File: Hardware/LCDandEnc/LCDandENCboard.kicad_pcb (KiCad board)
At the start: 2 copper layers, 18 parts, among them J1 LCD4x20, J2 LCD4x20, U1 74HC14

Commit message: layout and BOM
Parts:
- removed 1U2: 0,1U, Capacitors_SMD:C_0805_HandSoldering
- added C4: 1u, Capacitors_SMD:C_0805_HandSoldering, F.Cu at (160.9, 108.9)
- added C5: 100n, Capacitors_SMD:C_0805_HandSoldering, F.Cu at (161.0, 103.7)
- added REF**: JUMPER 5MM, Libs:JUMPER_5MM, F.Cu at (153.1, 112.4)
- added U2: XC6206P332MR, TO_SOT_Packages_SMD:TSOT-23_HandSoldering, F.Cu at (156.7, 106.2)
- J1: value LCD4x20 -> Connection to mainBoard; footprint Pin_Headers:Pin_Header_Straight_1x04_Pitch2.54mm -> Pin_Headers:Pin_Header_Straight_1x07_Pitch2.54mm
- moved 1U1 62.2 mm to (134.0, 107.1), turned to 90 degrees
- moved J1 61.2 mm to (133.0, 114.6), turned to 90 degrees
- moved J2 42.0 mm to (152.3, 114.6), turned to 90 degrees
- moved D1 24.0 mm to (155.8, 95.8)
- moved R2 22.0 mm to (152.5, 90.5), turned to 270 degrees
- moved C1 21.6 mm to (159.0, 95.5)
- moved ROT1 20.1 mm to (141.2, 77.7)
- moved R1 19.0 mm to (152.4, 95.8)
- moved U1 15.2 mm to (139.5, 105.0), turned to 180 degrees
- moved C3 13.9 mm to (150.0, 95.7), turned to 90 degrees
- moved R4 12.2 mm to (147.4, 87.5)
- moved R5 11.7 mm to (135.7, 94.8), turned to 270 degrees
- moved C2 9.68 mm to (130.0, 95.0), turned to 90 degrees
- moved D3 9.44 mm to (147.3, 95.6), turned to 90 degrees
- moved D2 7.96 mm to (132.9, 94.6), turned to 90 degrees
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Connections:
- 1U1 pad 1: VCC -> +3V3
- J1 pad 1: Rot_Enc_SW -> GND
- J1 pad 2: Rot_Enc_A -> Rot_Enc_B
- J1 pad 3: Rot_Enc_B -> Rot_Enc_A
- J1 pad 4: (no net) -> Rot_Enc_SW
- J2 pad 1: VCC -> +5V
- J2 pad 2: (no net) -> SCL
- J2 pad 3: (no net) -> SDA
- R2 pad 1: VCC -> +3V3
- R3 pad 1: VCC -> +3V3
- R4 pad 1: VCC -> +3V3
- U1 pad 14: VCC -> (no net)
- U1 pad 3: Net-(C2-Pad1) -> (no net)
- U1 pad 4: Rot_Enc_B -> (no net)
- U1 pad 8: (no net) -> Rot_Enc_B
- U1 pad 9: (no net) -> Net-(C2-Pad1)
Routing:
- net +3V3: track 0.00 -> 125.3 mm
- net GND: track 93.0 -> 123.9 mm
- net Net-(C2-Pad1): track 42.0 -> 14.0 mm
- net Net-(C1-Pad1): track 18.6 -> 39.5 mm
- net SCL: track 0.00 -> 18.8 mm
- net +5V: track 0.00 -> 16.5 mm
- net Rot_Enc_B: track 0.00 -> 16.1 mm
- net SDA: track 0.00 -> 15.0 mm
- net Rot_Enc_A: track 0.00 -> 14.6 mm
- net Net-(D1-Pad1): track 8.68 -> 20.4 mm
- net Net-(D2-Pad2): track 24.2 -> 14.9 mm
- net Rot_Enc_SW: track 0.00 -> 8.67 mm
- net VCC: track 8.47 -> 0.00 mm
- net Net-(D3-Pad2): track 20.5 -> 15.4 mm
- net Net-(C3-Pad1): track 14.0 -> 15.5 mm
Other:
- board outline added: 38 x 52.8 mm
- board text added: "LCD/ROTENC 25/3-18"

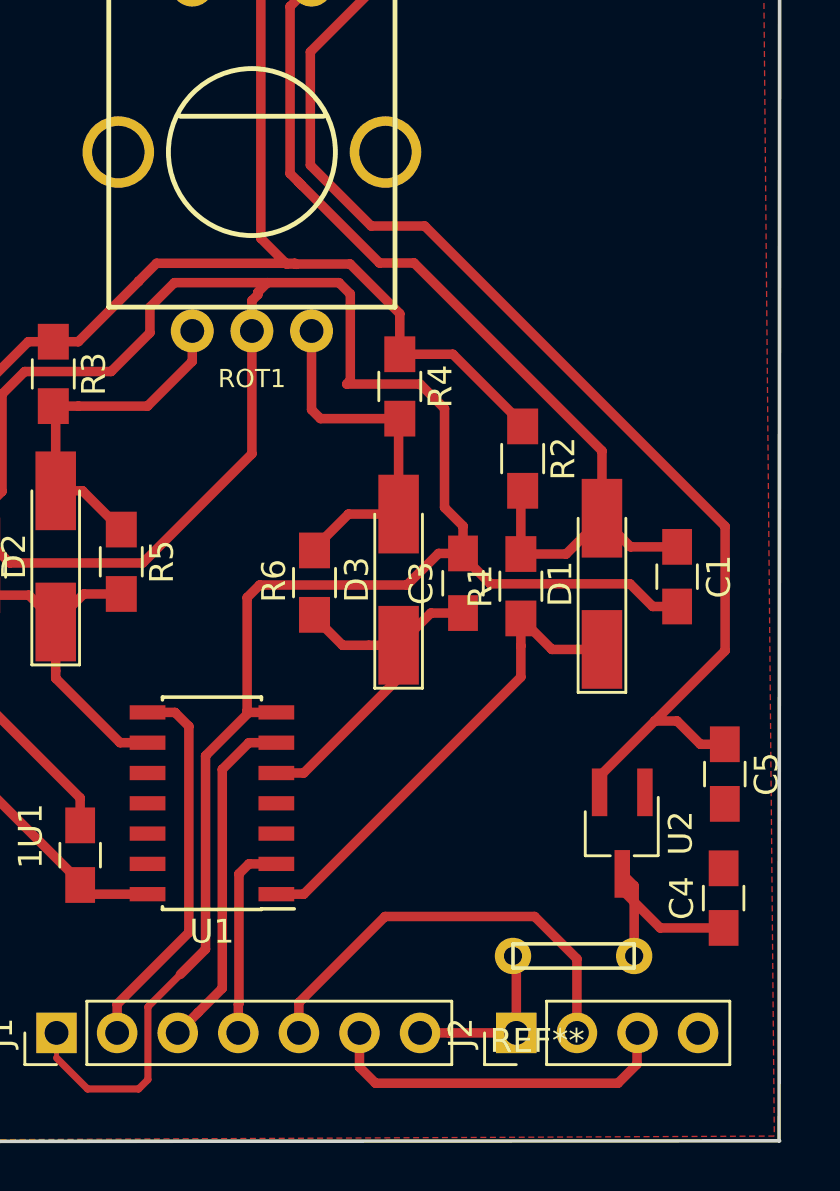
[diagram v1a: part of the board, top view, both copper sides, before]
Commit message: Bad I2C pinout
Swappe some pins around to match the i2c lcd board
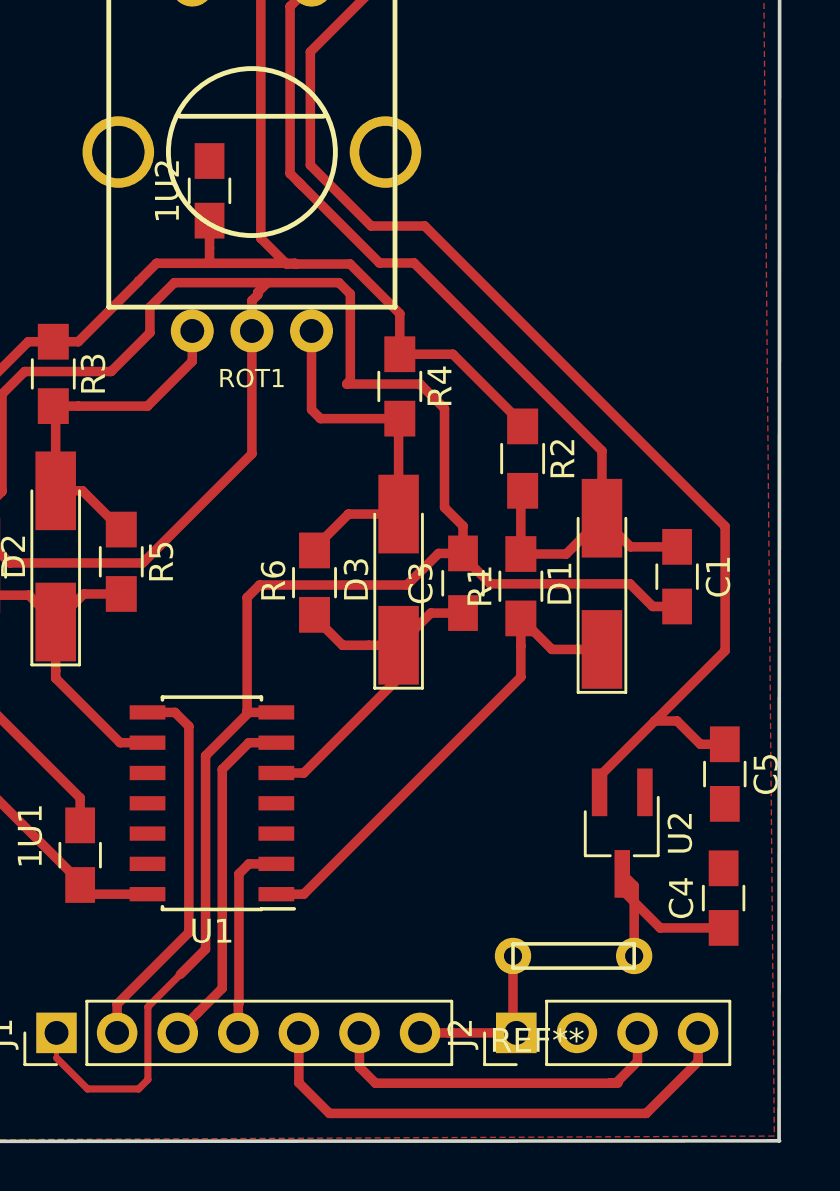
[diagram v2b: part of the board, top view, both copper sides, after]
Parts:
- added 1U2: 0,1U, Capacitors_SMD:C_0805_HandSoldering, F.Cu at (139.4, 79.3)
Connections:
- J2 pad 2: SCL -> GND
- J2 pad 4: GND -> SCL
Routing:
- net SCL: track 18.8 -> 21.5 mm
- net +3V3: track 125.3 -> 127.1 mm
- net GND: track 123.9 -> 124.4 mm
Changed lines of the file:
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@@
 (kicad_pcb (version 4) (host pcbnew 4.0.7)
   (general
-    (links 0)
-    (no_connects 8)
-    (area 125.25 66.299999 163.925 124.494048)
+    (links 46)
+    (no_connects 6)
+    (area 125.274999 66.299999 163.375001 119.200001)
     (thickness 1.6)
     (drawings 5)
-    (tracks 181)
+    (tracks 187)
     (zones 0)
-    (modules 21)
+    (modules 22)
     (nets 15)
   )
@@
       (net 13 +5V))
     (pad 2 thru_hole oval (at 0 2.54 90) (size 1.7 1.7) (drill 1) (layers *.Cu *.Mask)
-      (net 12 SCL))
+      (net 1 GND))
     (pad 3 thru_hole oval (at 0 5.08 90) (size 1.7 1.7) (drill 1) (layers *.Cu *.Mask)
       (net 14 SDA))
     (pad 4 thru_hole oval (at 0 7.62 90) (size 1.7 1.7) (drill 1) (layers *.Cu *.Mask)
-      (net 1 GND))
+      (net 12 SCL))
     (model ${KISYS3DMOD}/Pin_Headers.3dshapes/Pin_Header_Straight_1x04_Pitch2.54mm.wrl
       (at (xyz 0 0 0))
@@
     (pad 2 thru_hole circle (at 1.016 1.016 180) (size 1.524 1.524) (drill 0.762) (layers *.Cu *.Mask)
       (net 13 +5V))
+  )
+  (module Capacitors_SMD:C_0805_HandSoldering (layer F.Cu)
+    (at 139.4 79.275 90)
+    (descr "Capacitor SMD 0805, hand soldering")
+    (tags "capacitor 0805")
+    (attr smd)
+    (fp_text reference 1U2 (at 0 -1.75 90) (layer F.SilkS)
+      (effects (font (size 1 1) (thickness 0.15)))
+    )
+    (fp_text value 0,1U (at 0 1.75 90) (layer F.Fab)
+      (effects (font (size 1 1) (thickness 0.15)))
+    )
+    (fp_text user %R (at 0 -1.75 90) (layer F.Fab)
+      (effects (font (size 1 1) (thickness 0.15)))
+    )
+    (fp_line (start -1 0.62) (end -1 -0.62) (layer F.Fab) (width 0.1))
+    (fp_line (start 1 0.62) (end -1 0.62) (layer F.Fab) (width 0.1))
+    (fp_line (start 1 -0.62) (end 1 0.62) (layer F.Fab) (width 0.1))
+    (fp_line (start -1 -0.62) (end 1 -0.62) (layer F.Fab) (width 0.1))
+    (fp_line (start 0.5 -0.85) (end -0.5 -0.85) (layer F.SilkS) (width 0.12))
+    (fp_line (start -0.5 0.85) (end 0.5 0.85) (layer F.SilkS) (width 0.12))
+    (fp_line (start -2.25 -0.88) (end 2.25 -0.88) (layer F.CrtYd) (width 0.05))
+    (fp_line (start -2.25 -0.88) (end -2.25 0.87) (layer F.CrtYd) (width 0.05))
+    (fp_line (start 2.25 0.87) (end 2.25 -0.88) (layer F.CrtYd) (width 0.05))
+    (fp_line (start 2.25 0.87) (end -2.25 0.87) (layer F.CrtYd) (width 0.05))
+    (pad 1 smd rect (at -1.25 0 90) (size 1.5 1.25) (layers F.Cu F.Paste F.Mask)
+      (net 11 +3V3))
+    (pad 2 smd rect (at 1.25 0 90) (size 1.5 1.25) (layers F.Cu F.Paste F.Mask)
+      (net 1 GND))
+    (model Capacitors_SMD.3dshapes/C_0805.wrl
+      (at (xyz 0 0 0))
+      (scale (xyz 1 1 1))
+      (rotate (xyz 0 0 0))
+    )
   )
   (gr_text "LCD/ROTENC\n25/3-18" (at 156.75 76.25 90) (layer Cmts.User)
@@
   (segment (start 136.814999 113.485001) (end 136.814999 116.535001) (width 0.3) (layer F.Cu) (net 1))
   (segment (start 142.2 101.14) (end 141.05 101.14) (width 0.4) (layer F.Cu) (net 1))
+  (segment (start 154.424639 114.199639) (end 154.8 114.575) (width 0.4) (layer F.Cu) (net 1))
   (segment (start 142.775001 71.549999) (end 142.775001 78.550001) (width 0.4) (layer F.Cu) (net 2))
   (segment (start 142.775001 78.550001) (end 143.25 79.025) (width 0.4) (layer F.Cu) (net 2))
@@
   (segment (start 138.532335 101.722335) (end 138.532335 110.365584) (width 0.4) (layer F.Cu) (net 10))
   (segment (start 138.532335 110.365584) (end 135.525 113.372919) (width 0.4) (layer F.Cu) (net 10))
+  (segment (start 137.179005 82.311184) (end 139.4 82.311184) (width 0.4) (layer F.Cu) (net 11))
+  (segment (start 139.4 82.311184) (end 142.975351 82.311184) (width 0.4) (layer F.Cu) (net 11))
+  (segment (start 139.4 80.525) (end 139.4 81.675) (width 0.4) (layer F.Cu) (net 11))
+  (segment (start 139.4 81.675) (end 139.4 82.311184) (width 0.4) (layer F.Cu) (net 11))
   (segment (start 141.55 69.175) (end 141.55 81.267016) (width 0.4) (layer F.Cu) (net 11))
   (segment (start 145.025 68.55) (end 142.175 68.55) (width 0.4) (layer F.Cu) (net 11))
@@
   (segment (start 136.428014 83.062175) (end 137.179005 82.311184) (width 0.4) (layer F.Cu) (net 11))
   (segment (start 142.975351 82.311184) (end 143.022249 82.358082) (width 0.4) (layer F.Cu) (net 11))
-  (segment (start 137.179005 82.311184) (end 142.975351 82.311184) (width 0.4) (layer F.Cu) (net 11))
   (segment (start 155.75 104.49) (end 155.75 103.815) (width 0.4) (layer F.Cu) (net 11))
   (segment (start 161.012593 98.552407) (end 161.012593 93.342495) (width 0.4) (layer F.Cu) (net 11))
@@
   (segment (start 149.6 86.125) (end 147.375 86.125) (width 0.4) (layer F.Cu) (net 11))
   (segment (start 152.525 89.15) (end 152.525 89.05) (width 0.4) (layer F.Cu) (net 11))
-  (segment (start 154.8 114.575) (end 154.8 111.468309) (width 0.4) (layer F.Cu) (net 12))
-  (segment (start 143.145 113.307146) (end 143.145 114.575) (width 0.4) (layer F.Cu) (net 12))
-  (segment (start 154.8 111.468309) (end 153.026447 109.694756) (width 0.4) (layer F.Cu) (net 12))
-  (segment (start 153.026447 109.694756) (end 146.75739 109.694756) (width 0.4) (layer F.Cu) (net 12))
-  (segment (start 146.75739 109.694756) (end 143.145 113.307146) (width 0.4) (layer F.Cu) (net 12))
-  (segment (start 154.424639 114.199639) (end 154.8 114.575) (width 0.4) (layer F.Cu) (net 12))
+  (segment (start 144.425 117.95) (end 143.145 116.67) (width 0.4) (layer F.Cu) (net 12))
+  (segment (start 143.145 116.67) (end 143.145 114.575) (width 0.4) (layer F.Cu) (net 12))
+  (segment (start 157.707081 117.95) (end 144.425 117.95) (width 0.4) (layer F.Cu) (net 12))
+  (segment (start 159.88 114.575) (end 159.88 115.777081) (width 0.4) (layer F.Cu) (net 12))
+  (segment (start 159.88 115.777081) (end 157.707081 117.95) (width 0.4) (layer F.Cu) (net 12))
+  (segment (start 152.12 111.35) (end 152.12 114.435) (width 0.4) (layer F.Cu) (net 13))
+  (segment (start 152.12 114.435) (end 152.26 114.575) (width 0.4) (layer F.Cu) (net 13))
+  (segment (start 149.427081 114.575) (end 152.26 114.575) (width 0.4) (layer F.Cu) (net 13))
   (segment (start 160.95 110.175) (end 158.29 110.175) (width 0.4) (layer F.Cu) (net 13))
   (segment (start 158.29 110.175) (end 156.7 108.585) (width 0.4) (layer F.Cu) (net 13))
@@
   (segment (start 157.2 111.35) (end 157.2 108.41) (width 0.4) (layer F.Cu) (net 13))
   (segment (start 157.2 108.41) (end 156.7 107.91) (width 0.4) (layer F.Cu) (net 13))
-  (segment (start 152.26 114.575) (end 152.26 111.49) (width 0.4) (layer F.Cu) (net 13))
   (segment (start 152.26 111.49) (end 152.12 111.35) (width 0.4) (layer F.Cu) (net 13))
   (segment (start 148.225 114.575) (end 149.427081 114.575) (width 0.4) (layer F.Cu) (net 13))
-  (segment (start 149.427081 114.575) (end 152.26 114.575) (width 0.4) (layer F.Cu) (net 13))
+  (segment (start 146.357736 116.683856) (end 156.175 116.683856) (width 0.4) (layer F.Cu) (net 14))
+  (segment (start 157.34 114.575) (end 157.34 115.777081) (width 0.4) (layer F.Cu) (net 14))
+  (segment (start 156.175 116.683856) (end 156.522625 116.683856) (width 0.4) (layer F.Cu) (net 14))
+  (segment (start 157.34 115.777081) (end 156.433225 116.683856) (width 0.4) (layer F.Cu) (net 14))
+  (segment (start 156.433225 116.683856) (end 156.175 116.683856) (width 0.4) (layer F.Cu) (net 14))
   (segment (start 145.685 114.575) (end 145.685 116.01112) (width 0.4) (layer F.Cu) (net 14))
   (segment (start 145.685 116.01112) (end 146.357736 116.683856) (width 0.4) (layer F.Cu) (net 14))
-  (segment (start 146.357736 116.683856) (end 156.522625 116.683856) (width 0.4) (layer F.Cu) (net 14))
-  (segment (start 156.522625 116.683856) (end 157.32045 115.886031) (width 0.4) (layer F.Cu) (net 14))
-  (segment (start 157.32045 115.886031) (end 157.32045 114.59455) (width 0.4) (layer F.Cu) (net 14))
   (segment (start 157.32045 114.59455) (end 157.34 114.575) (width 0.4) (layer F.Cu) (net 14))
   (zone (net 1) (net_name GND) (layer F.Cu) (hatch edge 0.508)

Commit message: PCB
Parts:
- added REF**: MountingHole_3.2mm_M3_DIN965_Pad, Mounting_Holes:MountingHole_3.2mm_M3_DIN965_Pad, F.Cu at (158.7, 71.5)
- added REF**: MountingHole_3.2mm_M3_DIN965_Pad, Mounting_Holes:MountingHole_3.2mm_M3_DIN965_Pad, F.Cu at (130.2, 71.4)
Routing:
- net GND: track 124.4 -> 196.9 mm
- net SCL: track 21.5 -> 19.4 mm
- net +3V3: track 127.1 -> 128.3 mm
- net Net-(C1-Pad1): track 39.5 -> 40.1 mm
=-=-=-=-=
REQUIREMENT: Only those lines of the entries above that run from the line containing "(segment (start 160.95" to the line containing "146.357736 116.683856) (end 156.522625", both included, should be transcribed exactly.

PROBLEM SOLUTION:
   (segment (start 160.95 110.175) (end 158.29 110.175) (width 0.4) (layer F.Cu) (net 13))
   (segment (start 158.29 110.175) (end 156.7 108.585) (width 0.4) (layer F.Cu) (net 13))
@@
   (segment (start 157.2 111.35) (end 157.2 108.41) (width 0.4) (layer F.Cu) (net 13))
   (segment (start 157.2 108.41) (end 156.7 107.91) (width 0.4) (layer F.Cu) (net 13))
-  (segment (start 152.26 114.575) (end 152.26 111.49) (width 0.4) (layer F.Cu) (net 13))
   (segment (start 152.26 111.49) (end 152.12 111.35) (width 0.4) (layer F.Cu) (net 13))
   (segment (start 148.225 114.575) (end 149.427081 114.575) (width 0.4) (layer F.Cu) (net 13))
-  (segment (start 149.427081 114.575) (end 152.26 114.575) (width 0.4) (layer F.Cu) (net 13))
+  (segment (start 146.357736 116.683856) (end 156.175 116.683856) (width 0.4) (layer F.Cu) (net 14))
+  (segment (start 157.34 114.575) (end 157.34 115.777081) (width 0.4) (layer F.Cu) (net 14))
+  (segment (start 156.175 116.683856) (end 156.522625 116.683856) (width 0.4) (layer F.Cu) (net 14))
+  (segment (start 157.34 115.777081) (end 156.433225 116.683856) (width 0.4) (layer F.Cu) (net 14))
+  (segment (start 156.433225 116.683856) (end 156.175 116.683856) (width 0.4) (layer F.Cu) (net 14))
   (segment (start 145.685 114.575) (end 145.685 116.01112) (width 0.4) (layer F.Cu) (net 14))
   (segment (start 145.685 116.01112) (end 146.357736 116.683856) (width 0.4) (layer F.Cu) (net 14))
-  (segment (start 146.357736 116.683856) (end 156.522625 116.683856) (width 0.4) (layer F.Cu) (net 14))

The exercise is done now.